Bobby, I'm excited to go on this journey with you. This is how we build a great life and stack the odds in our favor, just these little incremental things.

Dr. Bobby Dubois: Well, this is great. I look forward to further dialogues and interacting with folks on what are terribly important issues about emotional wellbeing, our social interactions, and the wellbeing related to that, and our cognitive function, all of which will help us live long and well.

TODAY'S SMART SPRINT SEGMENT

Now we're off to set a smart sprint where you can set a little baby step you can take over the next seven days to not just rock retirement, but rock life.

In the next seven days, choose something in the energy category. Maybe it's something Bobby and I chatted about and try something new.

It could be doing the cold shower for the last five seconds.

It could, could be going to bed maybe a half hour earlier.

Find one thing you can start [00:47:00] doing to improve the sleep that you're getting and the energy you can have so you can show up as your best self every day.

CONCLUSION

All right. The end of the show, I think this is the second time I'm doing this. I want to make a pledge to you as the Retirement Answer Man listener. We had a lot of decisions recently about the direction of the show, whether we're gonna have advertising, whether we're gonna join a big podcast network, et cetera, and we made a decision to keep the show focused on the core purpose of our entire organization, which is to empower people to rock retirement.

So our pledges, number one, our focus is going to be on you and your journey in this stage of life. Whether you're coming up to retirement, you're in the transition or you're retiring, we're gonna focus on you and how you can actually rock it. We're gonna focus on how you can have hope, so you can create that inspiring goal. Have that agency, and identify [00:48:00] pathways. That's what we want to empower you to do.

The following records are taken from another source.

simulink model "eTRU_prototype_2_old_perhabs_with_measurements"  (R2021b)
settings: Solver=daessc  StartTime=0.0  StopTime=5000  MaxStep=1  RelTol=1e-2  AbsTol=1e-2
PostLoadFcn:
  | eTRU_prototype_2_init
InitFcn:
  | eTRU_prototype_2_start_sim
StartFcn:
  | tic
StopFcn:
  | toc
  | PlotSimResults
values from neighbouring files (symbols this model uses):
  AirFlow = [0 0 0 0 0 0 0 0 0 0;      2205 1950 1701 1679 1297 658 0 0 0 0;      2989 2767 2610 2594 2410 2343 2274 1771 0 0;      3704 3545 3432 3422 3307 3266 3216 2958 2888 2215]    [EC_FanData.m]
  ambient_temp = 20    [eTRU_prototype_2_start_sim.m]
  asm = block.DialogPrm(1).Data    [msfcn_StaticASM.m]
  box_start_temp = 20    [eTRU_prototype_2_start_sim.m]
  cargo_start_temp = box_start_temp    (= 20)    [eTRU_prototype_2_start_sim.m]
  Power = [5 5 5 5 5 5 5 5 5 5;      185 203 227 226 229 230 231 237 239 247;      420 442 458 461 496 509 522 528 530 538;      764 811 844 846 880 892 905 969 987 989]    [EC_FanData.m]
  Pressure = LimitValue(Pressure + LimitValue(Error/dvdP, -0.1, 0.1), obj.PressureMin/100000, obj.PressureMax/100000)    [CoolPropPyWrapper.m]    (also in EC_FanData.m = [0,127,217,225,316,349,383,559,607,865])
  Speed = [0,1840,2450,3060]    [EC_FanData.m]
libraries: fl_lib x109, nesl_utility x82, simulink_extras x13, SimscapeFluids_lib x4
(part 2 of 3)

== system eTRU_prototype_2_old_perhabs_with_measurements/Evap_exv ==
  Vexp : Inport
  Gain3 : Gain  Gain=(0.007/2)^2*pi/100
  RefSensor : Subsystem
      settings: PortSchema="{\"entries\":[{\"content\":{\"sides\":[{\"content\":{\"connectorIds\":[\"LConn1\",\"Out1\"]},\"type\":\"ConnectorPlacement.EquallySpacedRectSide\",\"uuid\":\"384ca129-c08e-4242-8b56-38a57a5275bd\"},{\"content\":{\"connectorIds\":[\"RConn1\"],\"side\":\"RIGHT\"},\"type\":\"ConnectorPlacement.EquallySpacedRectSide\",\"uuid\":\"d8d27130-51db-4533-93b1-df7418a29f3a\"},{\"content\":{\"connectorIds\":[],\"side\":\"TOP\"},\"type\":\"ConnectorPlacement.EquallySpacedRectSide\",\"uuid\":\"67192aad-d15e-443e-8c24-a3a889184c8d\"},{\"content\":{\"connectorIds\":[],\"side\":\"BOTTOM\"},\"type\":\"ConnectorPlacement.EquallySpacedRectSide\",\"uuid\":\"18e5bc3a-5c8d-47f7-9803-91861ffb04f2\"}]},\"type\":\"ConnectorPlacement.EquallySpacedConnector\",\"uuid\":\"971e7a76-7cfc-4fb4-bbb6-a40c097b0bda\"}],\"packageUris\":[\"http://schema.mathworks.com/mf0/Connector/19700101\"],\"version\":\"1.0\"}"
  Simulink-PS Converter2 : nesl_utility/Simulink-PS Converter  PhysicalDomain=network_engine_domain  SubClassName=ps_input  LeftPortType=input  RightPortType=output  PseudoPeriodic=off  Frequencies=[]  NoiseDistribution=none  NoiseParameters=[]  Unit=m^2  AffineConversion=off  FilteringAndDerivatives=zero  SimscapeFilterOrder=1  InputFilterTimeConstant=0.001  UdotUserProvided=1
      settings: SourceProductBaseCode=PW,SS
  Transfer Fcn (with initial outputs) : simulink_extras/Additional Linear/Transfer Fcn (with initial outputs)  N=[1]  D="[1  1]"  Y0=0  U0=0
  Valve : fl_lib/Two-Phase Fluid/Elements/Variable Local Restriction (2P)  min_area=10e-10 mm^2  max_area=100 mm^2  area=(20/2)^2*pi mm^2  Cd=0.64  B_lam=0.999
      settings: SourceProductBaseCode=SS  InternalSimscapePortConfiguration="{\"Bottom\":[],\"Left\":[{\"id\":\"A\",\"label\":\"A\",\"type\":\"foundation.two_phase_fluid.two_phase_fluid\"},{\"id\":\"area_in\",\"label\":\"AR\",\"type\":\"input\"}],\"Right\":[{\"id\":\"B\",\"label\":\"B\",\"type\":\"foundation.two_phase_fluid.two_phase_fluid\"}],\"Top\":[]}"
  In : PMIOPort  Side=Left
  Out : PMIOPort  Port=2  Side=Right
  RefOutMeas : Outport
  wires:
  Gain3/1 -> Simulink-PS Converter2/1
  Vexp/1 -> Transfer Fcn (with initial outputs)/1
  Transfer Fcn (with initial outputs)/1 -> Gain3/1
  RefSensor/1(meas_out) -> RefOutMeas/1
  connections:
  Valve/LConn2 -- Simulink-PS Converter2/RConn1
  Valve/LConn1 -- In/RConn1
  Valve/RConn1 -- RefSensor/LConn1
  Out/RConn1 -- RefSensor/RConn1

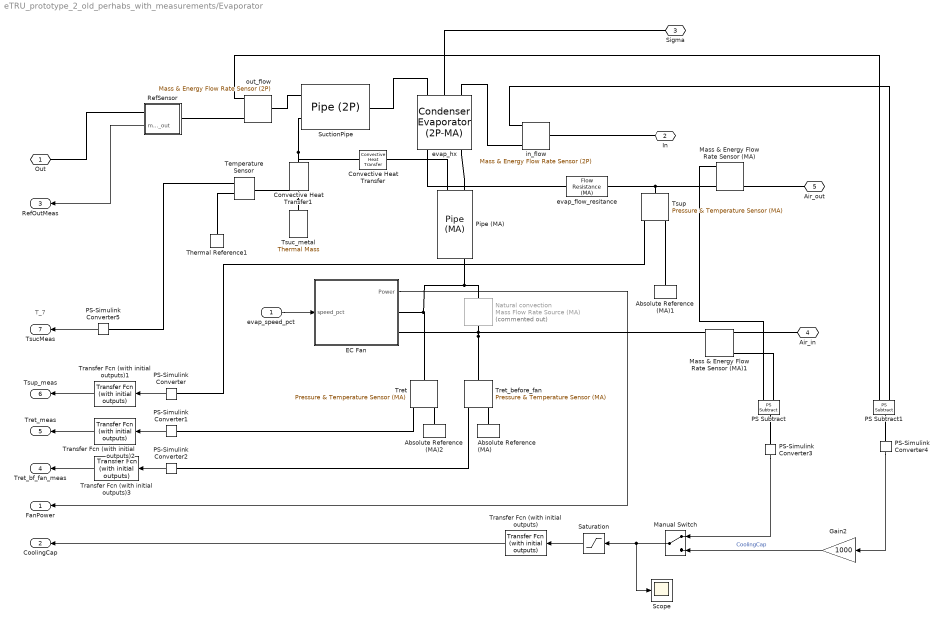
== system eTRU_prototype_2_old_perhabs_with_measurements/Evaporator ==
  note: T_7
  evap_speed_pct : Inport
  Absolute Reference (MA) : fl_lib/Moist Air/Elements/Absolute Reference (MA)
      settings: SourceProductBaseCode=SS
  Absolute Reference (MA)1 : fl_lib/Moist Air/Elements/Absolute Reference (MA)
      settings: SourceProductBaseCode=SS
  Absolute Reference (MA)2 : fl_lib/Moist Air/Elements/Absolute Reference (MA)
      settings: SourceProductBaseCode=SS
  Convective Heat Transfer : fl_lib/Thermal/Thermal Elements/Convective Heat Transfer  area=1 m^2  heat_tr_coeff=200 W/(m^2 * K)  T_specify=off  T_priority=None  T=0 K  T_nominal_specify=off  T_nominal_unit=K  T_nominal_value=1  Q_specify=off  Q_priority=None  Q=0 W  Q_nominal_specify=off  Q_nominal_unit=W  Q_nominal_value=1
  Convective Heat Transfer1 : fl_lib/Thermal/Thermal Elements/Convective Heat Transfer  area=1 m^2  heat_tr_coeff=100 W/(m^2 * K)  T_specify=off  T_priority=None  T=0 K  T_nominal_specify=off  T_nominal_unit=K  T_nominal_value=1  Q_specify=off  Q_priority=None  Q=0 W  Q_nominal_specify=off  Q_nominal_unit=W  Q_nominal_value=1
  EC Fan : Subsystem
      mask help:
      | Model of EC Fan with air flow and power consumption based on 2D table look-up.
      | Speed and pressure difference is used as table look-up input
      | The data is stored in the file EC_FanData.m that is loaded via model callback.
      | Full speed 100% is 3060 rpm
      |
      | Input:
      | Fan Speed [%] Speed reference
      | Pdiff [Pa]  pressure difference
      |
      | Output:
      | Power [Watt]Power consumption
      | Air_in, Air_out Simscape port for volumetric airflow rate
  Gain2 : Gain  Gain=1000
  Manual Switch : ManualSwitch
  Mass & Energy Flow Rate Sensor (MA) : fl_lib/Moist Air/Sensors/Mass & Energy Flow Rate Sensor (MA)
      settings: SourceProductBaseCode=SS  InternalSimscapePortConfiguration="{\"Bottom\":[],\"Left\":[{\"id\":\"A\",\"label\":\"A\",\"type\":\"foundation.moist_air.moist_air\"},{\"id\":\"Mw\",\"label\":\"Mw\",\"type\":\"output\"},{\"id\":\"Mg\",\"label\":\"Mg\",\"type\":\"output\"}],\"Right\":[{\"id\":\"B\",\"label\":\"B\",\"type\":\"foundation.moist_air.moist_air\"},{\"id\":\"M\",\"label\":\"M\",\"type\":\"output\"},{\"id\":\"PHI\",\"label\":\"Phi\",\"type\":\"output\"}],\"Top\":[]}"
  Mass & Energy Flow Rate Sensor (MA)1 : fl_lib/Moist Air/Sensors/Mass & Energy Flow Rate Sensor (MA)
      settings: SourceProductBaseCode=SS  InternalSimscapePortConfiguration="{\"Bottom\":[],\"Left\":[{\"id\":\"A\",\"label\":\"A\",\"type\":\"foundation.moist_air.moist_air\"},{\"id\":\"Mw\",\"label\":\"Mw\",\"type\":\"output\"},{\"id\":\"Mg\",\"label\":\"Mg\",\"type\":\"output\"}],\"Right\":[{\"id\":\"B\",\"label\":\"B\",\"type\":\"foundation.moist_air.moist_air\"},{\"id\":\"M\",\"label\":\"M\",\"type\":\"output\"},{\"id\":\"PHI\",\"label\":\"Phi\",\"type\":\"output\"}],\"Top\":[]}"
  Natural convection : fl_lib/Moist Air/Sources/Mass Flow Rate Source (MA)  Commented=on  power_spec=foundation.enum.power_spec.none  mass_flow=0 kg/s  area_A=1 m^2  area_B=1 m^2
      settings: SourceProductBaseCode=SS  InternalSimscapePortConfiguration="{\"Bottom\":[],\"Left\":[{\"id\":\"A\",\"label\":\"A\",\"type\":\"foundation.moist_air.moist_air\"}],\"Right\":[{\"id\":\"B\",\"label\":\"B\",\"type\":\"foundation.moist_air.moist_air\"}],\"Top\":[]}"
  PS Subtract : fl_lib/Physical Signals/Functions/PS Subtract
  PS Subtract1 : fl_lib/Physical Signals/Functions/PS Subtract
  PS-Simulink Converter{,1..5} (6 alike) : nesl_utility/PS-Simulink Converter  PhysicalDomain=network_engine_domain  SubClassName=ps_output  LeftPortType=input  RightPortType=output  PseudoPeriodic=off  Frequencies=[]  Unit=inherit  AffineConversion=off
      settings: SourceProductBaseCode=PW,SS
  Pipe (MA) : fl_lib/Moist Air/Elements/Pipe (MA)  length=1 m  area=1 m^2  Dh=1 m  length_add=0.1 m  roughness=15e-6 m  Re_lam=2000  Re_tur=4000  shape_factor=64  Nu_lam=3.66  RH_ws=1  time_constant=1e-3 s  moisture_trace_gas_source=foundation.enum.moisture_trace_gas_source.none  moisture_source_spec=foundation.enum.moisture_source_spec.vapor  moisture_mass_flow=0 kg/s  moisture_temperature_spec=foundation.enum.temperature_spec.atmospheric  moisture_temperature=293.15 K  trace_gas_mass_flow=0 kg/s  trace_gas_temperature_spec=foundation.enum.temperature_spec.atmospheric  trace_gas_temperature=293.15 K  p_I_specify=off  p_I_priority=High  p_I=0.101325 MPa  p_I_nominal_specify=off  p_I_nominal_unit=MPa  p_I_nominal_value=1  T_I_specify=off  T_I_priority=High  T_I=293.15 K  T_I_nominal_specify=off  T_I_nominal_unit=K  T_I_nominal_value=1  RH_I_specify=on  RH_I_priority=High  RH_I=0.5  RH_I_nominal_specify=off  RH_I_nominal_unit=1  RH_I_nominal_value=1  x_w_I_specify=off  x_w_I_priority=None  x_w_I=0  x_w_I_nominal_specify=off  x_w_I_nominal_unit=1  x_w_I_nominal_value=1  y_w_I_specify=off  y_w_I_priority=None  y_w_I=0  y_w_I_nominal_specify=off  y_w_I_nominal_unit=1  y_w_I_nominal_value=1  HR_I_specify=off  HR_I_priority=None  HR_I=0  HR_I_nominal_specify=off  HR_I_nominal_unit=1  HR_I_nominal_value=1  x_g_I_specify=off  x_g_I_priority=High  x_g_I=0  x_g_I_nominal_specify=off  x_g_I_nominal_unit=1  x_g_I_nominal_value=1  y_g_I_specify=off  y_g_I_priority=None  y_g_I=0  y_g_I_nominal_specify=off  y_g_I_nominal_unit=1  y_g_I_nominal_value=1
      settings: SourceProductBaseCode=SS
  RefSensor : Subsystem
  Saturation : Saturate  UpperLimit=20000  LowerLimit=-20000
  Scope : Scope
  SuctionPipe : fl_lib/Two-Phase Fluid/Elements/Pipe (2P)  length=1 m  area=0.02^2*pi m^2  Dh=0.02 m  length_add=0.1 m  roughness=15e-6 m  Re_lam=2000  Re_tur=4000  shape_factor=64  Nu_lam=3.66  inertia=simscape.enum.onoff.off  energy_spec=foundation.enum.energy_spec.quality  p_init=start_pressure_low bar  T_init=box_start_temp degC  x_init=1  alpha_init=0.1  h_init=1500 kJ/kg  u_init=1500 kJ/kg  mdot_init=0 kg/s  time_constant=0.1 s
      settings: SourceProductBaseCode=SS  InternalSimscapePortConfiguration="{\"Bottom\":[],\"Left\":[{\"id\":\"A\",\"label\":\"A\",\"type\":\"foundation.two_phase_fluid.two_phase_fluid\"},{\"id\":\"H\",\"label\":\"H\",\"type\":\"foundation.thermal.thermal\"}],\"Right\":[{\"id\":\"B\",\"label\":\"B\",\"type\":\"foundation.two_phase_fluid.two_phase_fluid\"}],\"Top\":[]}"
  Temperature Sensor : fl_lib/Thermal/Thermal Sensors/Temperature Sensor
  Thermal Reference1 : fl_lib/Thermal/Thermal Elements/Thermal Reference
  Transfer Fcn (with initial outputs) : simulink_extras/Additional Linear/Transfer Fcn (with initial outputs)  N=[0.1]  D=[1 0.1]  Y0=0  U0=0
  Transfer Fcn (with initial outputs)1 : simulink_extras/Additional Linear/Transfer Fcn (with initial outputs)  N=[0.1]  D="[1  0.1]"  Y0=box_start_temp+273.15  U0=box_start_temp+273.15
  Transfer Fcn (with initial outputs)2 : simulink_extras/Additional Linear/Transfer Fcn (with initial outputs)  N=[0.1]  D="[1  0.1]"  Y0=box_start_temp+273.15  U0=box_start_temp+273.15
  Transfer Fcn (with initial outputs)3 : simulink_extras/Additional Linear/Transfer Fcn (with initial outputs)  N=[0.1]  D="[1  0.1]"  Y0=box_start_temp+273.15  U0=box_start_temp+273.15
  Tret : fl_lib/Moist Air/Sensors/Pressure & Temperature Sensor (MA)
      settings: SourceProductBaseCode=SS  InternalSimscapePortConfiguration="{\"Bottom\":[],\"Left\":[{\"id\":\"A\",\"label\":\"A\",\"type\":\"foundation.moist_air.moist_air\"}],\"Right\":[{\"id\":\"B\",\"label\":\"B\",\"type\":\"foundation.moist_air.moist_air\"},{\"id\":\"P\",\"label\":\"P\",\"type\":\"output\"},{\"id\":\"T\",\"label\":\"T\",\"type\":\"output\"}],\"Top\":[]}"
  Tret_before_fan : fl_lib/Moist Air/Sensors/Pressure & Temperature Sensor (MA)
      settings: SourceProductBaseCode=SS  InternalSimscapePortConfiguration="{\"Bottom\":[],\"Left\":[{\"id\":\"A\",\"label\":\"A\",\"type\":\"foundation.moist_air.moist_air\"}],\"Right\":[{\"id\":\"B\",\"label\":\"B\",\"type\":\"foundation.moist_air.moist_air\"},{\"id\":\"P\",\"label\":\"P\",\"type\":\"output\"},{\"id\":\"T\",\"label\":\"T\",\"type\":\"output\"}],\"Top\":[]}"
  Tsuc_metal : fl_lib/Thermal/Thermal Elements/Thermal Mass  mass=0.5 kg  sp_heat=900 J/kg/K  T_specify=on  T_priority=None  T=box_start_temp degC  T_nominal_specify=off  T_nominal_unit=K  T_nominal_value=1  Q_specify=off  Q_priority=None  Q=0 W  Q_nominal_specify=off  Q_nominal_unit=W  Q_nominal_value=1
  Tsup : fl_lib/Moist Air/Sensors/Pressure & Temperature Sensor (MA)
      settings: SourceProductBaseCode=SS  InternalSimscapePortConfiguration="{\"Bottom\":[],\"Left\":[{\"id\":\"A\",\"label\":\"A\",\"type\":\"foundation.moist_air.moist_air\"}],\"Right\":[{\"id\":\"B\",\"label\":\"B\",\"type\":\"foundation.moist_air.moist_air\"},{\"id\":\"P\",\"label\":\"P\",\"type\":\"output\"},{\"id\":\"T\",\"label\":\"T\",\"type\":\"output\"}],\"Top\":[]}"
  evap_flow_resitance : fl_lib/Moist Air/Elements/Flow Resistance (MA)  delta_p_nominal=250 Pa  mdot_nominal=1 kg/s  rho_nominal=0 kg/m^3  area=1 m^2  laminar_fraction=1e-3
      settings: SourceProductBaseCode=SS
  evap_hx : SimscapeFluids_lib/Fluid Network Interfaces/Heat Exchangers/Condenser Evaporator (2P-MA)  flow_arrangement=fluids.interfaces.heat_exchangers.enum.FlowArrangement2PMA.Counter  cross_flow_arrangement=fluids.interfaces.heat_exchangers.enum.CrossFlowArrangement2PMA.UnmixedUnmixed  R_wall=0.1 K/kW  area_A1=0.02 m^2  area_B1=0.02 m^2  area_A2=1 m^2  area_B2=1 m^2  tube_num_2P=14  tube_length_2P=1.8*6 m  tube_cross_section_2P=fluids.interfaces.heat_exchangers.enum.TubeCrossSection.Circular  tube_diameter_2P=0.01 m  tube_width_2P=0.1 m  tube_height_2P=0.1 m  tube_inner_diameter_2P=0.05 m  tube_outer_diameter_2P=0.1 m  tube_flow_area_2P=0.01 m^2  tube_wetted_perimeter_2P=0.4 m  tube_heat_perimeter_2P=0.4 m  tube_pressure_loss_spec_2P=fluids.interfaces.heat_exchangers.enum.TubePressureLossSpec2P.Haaland  tube_loss_coeff_2P=10  tube_length_add_2P=0.5 m  tube_roughness_pressure_2P=0.001 m  tube_Re_lam_pressure_2P=2000  tube_Re_tur_pressure_2P=4000  tube_shape_factor_generic_2P=64  tube_heat_coeff_spec_2P=fluids.interfaces.heat_exchangers.enum.TubeHeatCoeffSpec2P.Colburn  tube_colburn_coeff_liq_2P=[.023, .8, .33]  tube_colburn_coeff_mix_2P=[.05, .8, .33]  tube_colburn_coeff_vap_2P=[.023, .8, .33]  tube_roughness_heat_2P=15e-6 m  tube_Re_lam_heat_2P=2000  tube_Re_tur_heat_2P=4000  tube_Nu_lam_generic_2P=3.66  fouling_factor_2P=0.1 K*m^2/kW  fin_area_2P=0.1 m^2  fin_efficiency_2P=0.5  energy_spec_2P=foundation.enum.energy_spec.quality  p_init_2P=start_pressure_low bar  T_init_2P=box_start_temp degC  x_init_2P=0.7  alpha_init_2P=0.5  h_init_2P=1500 kJ/kg  u_init_2P=1500 kJ/kg  flow_geometry_MA=fluids.interfaces.heat_exchangers.enum.FlowGeometryMA.AcrossTubeBank  tube_num_MA=1  tube_length_MA=5 m  tube_cross_section_MA=fluids.interfaces.heat_exchangers.enum.TubeCrossSection.Circular  tube_diameter_MA=0.1 m  tube_width_MA=0.1 m  tube_height_MA=0.1 m  tube_inner_diameter_MA=0.05 m  tube_outer_diameter_MA=0.1 m  tube_flow_area_MA=0.01 m^2  tube_wetted_perimeter_MA=0.4 m  tube_heat_perimeter_MA=0.4 m  tube_pressure_loss_spec_MA=fluids.interfaces.heat_exchangers.enum.TubePressureLossSpec.Haaland  tube_loss_coeff_MA=1  tube_length_add_MA=0.1 m  tube_roughness_pressure_MA=15e-6 m  tube_Re_lam_pressure_MA=2000  tube_Re_tur_pressure_MA=4000  tube_shape_factor_generic_MA=64  tube_heat_coeff_spec_MA=fluids.interfaces.heat_exchangers.enum.TubeHeatCoeffSpec.Gneilinski  tube_colburn_coeff_MA=[0.23, 0.8, 1 / 3]  tube_roughness_heat_MA=15e-6 m  tube_Re_lam_heat_MA=2000  tube_Re_tur_heat_MA=4000  tube_Nu_lam_generic_MA=3.66  bank_arrangement_MA=fluids.interfaces.heat_exchangers.enum.BankArrangement.Staggered  bank_num_rows_MA=6  bank_tubes_per_row_MA=14  bank_width_MA=0.3 m  bank_tube_diameter_MA=0.012 m  bank_longitudinal_pitch_MA=0.04 m  bank_transverse_pitch_MA=0.04 m  bank_pressure_loss_spec_MA=fluids.interfaces.heat_exchangers.enum.BankPressureLossSpec.Euler  bank_euler_MA=1  bank_heat_coeff_spec_MA=fluids.interfaces.heat_exchangers.enum.BankHeatCoeffSpec.Martin  bank_colburn_coeff_MA=[.27, .63, .36]  generic_flow_area_MA=0.1 m^2  generic_heat_area_MA=2 m^2  generic_volume_MA=1 m^3  generic_loss_coeff_MA=1  generic_colburn_coeff_MA=[0.23, 0.8, 1 / 3]  fouling_factor_MA=0.1 K*m^2/kW  fin_area_MA=50 m^2  fin_efficiency_MA=0.8  p_init_MA=0.101325 MPa  T_init_MA=box_start_temp degC  moisture_spec_MA=foundation.enum.moisture_spec.mole_fraction  RH_init_MA=0.5  x_w_init_MA=0.01  y_w_init_MA=0.01  HR_init_MA=0.01  trace_gas_spec_MA=foundation.enum.trace_gas_spec.mole_fraction  x_g_init_MA=0.001  y_g_init_MA=0.001  RH_ws_MA=1
      settings: SourceProductBaseCode=SH  InternalSimscapePortConfiguration="{\"Bottom\":[],\"Left\":[{\"id\":\"A1\",\"label\":\"A1\",\"type\":\"foundation.two_phase_fluid.two_phase_fluid\"},{\"id\":\"Z\",\"label\":\"Z\",\"type\":\"output\"},{\"id\":\"B1\",\"label\":\"B1\",\"type\":\"foundation.two_phase_fluid.two_phase_fluid\"}],\"Right\":[{\"id\":\"A2\",\"label\":\"A2\",\"type\":\"foundation.moist_air.moist_air\"},{\"id\":\"W\",\"label\":\"W\",\"type\":\"output\"},{\"id\":\"B2\",\"label\":\"B2\",\"type\":\"foundation.moist_air.moist_air\"}],\"Top\":[]}"
  in_flow : fl_lib/Two-Phase Fluid/Sensors/Mass & Energy Flow Rate Sensor (2P)
      settings: SourceProductBaseCode=SS  InternalSimscapePortConfiguration="{\"Bottom\":[],\"Left\":[{\"id\":\"A\",\"label\":\"A\",\"type\":\"foundation.two_phase_fluid.two_phase_fluid\"}],\"Right\":[{\"id\":\"B\",\"label\":\"B\",\"type\":\"foundation.two_phase_fluid.two_phase_fluid\"},{\"id\":\"M\",\"label\":\"M\",\"type\":\"output\"},{\"id\":\"PHI\",\"label\":\"Phi\",\"type\":\"output\"}],\"Top\":[]}"
  out_flow : fl_lib/Two-Phase Fluid/Sensors/Mass & Energy Flow Rate Sensor (2P)
      settings: SourceProductBaseCode=SS  InternalSimscapePortConfiguration="{\"Bottom\":[],\"Left\":[{\"id\":\"A\",\"label\":\"A\",\"type\":\"foundation.two_phase_fluid.two_phase_fluid\"}],\"Right\":[{\"id\":\"B\",\"label\":\"B\",\"type\":\"foundation.two_phase_fluid.two_phase_fluid\"},{\"id\":\"M\",\"label\":\"M\",\"type\":\"output\"},{\"id\":\"PHI\",\"label\":\"Phi\",\"type\":\"output\"}],\"Top\":[]}"
  Out : PMIOPort  Side=Left
  In : PMIOPort  Port=2  Side=Right
  Sigma : PMIOPort  Port=3  Side=Right
  Air_in : PMIOPort  Port=4  Side=Right
  Air_out : PMIOPort  Port=5  Side=Right
  FanPower : Outport
  CoolingCap : Outport  Port=2
  RefOutMeas : Outport  Port=3
  Tret_bf_fan_meas : Outport  Port=4
  Tret_meas : Outport  Port=5
  Tsup_meas : Outport  Port=6
  TsucMeas : Outport  Port=7
  wires:
  PS-Simulink Converter/1 -> Transfer Fcn (with initial outputs)1/1
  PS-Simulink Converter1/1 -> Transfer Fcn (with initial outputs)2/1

We're gonna do this with authenticity.

No pretense. We're gonna be humble in our approach. We're gonna be respectful to everyone that is on the same journey knowing that everybody has their own idiosyncratic way of doing this.

We're gonna be curious.

We're gonna try to approach everything with fresh eyes and hold our own beliefs up for an examination to either confirm them, adjust them, or realize that maybe we were wrong.

We're gonna continue to work on having freedom from big finance, from products. We're not gonna about talk about products from money, we're not gonna get paid for the anything we talk about or gimmicks.

We're just gonna be real.

We wanna focus on action.

We want you to take incremental action.

We want you to expand your perspective.

I'm not worried about you knowing everything about Social Security or anything in detail beyond what you need to know to actually take action because that's where life happens.

I am all in on this. So let's do this.

The opinions voice in this podcast are for general information only and [00:49:00] not intended to provide specific advice or recommendations for any individual. All performance references, historical and does not guarantee future results. All indices are unmanaged and cannot be invested in directly.

Make sure you consult your legal, tax or financial advisor before making any decisions.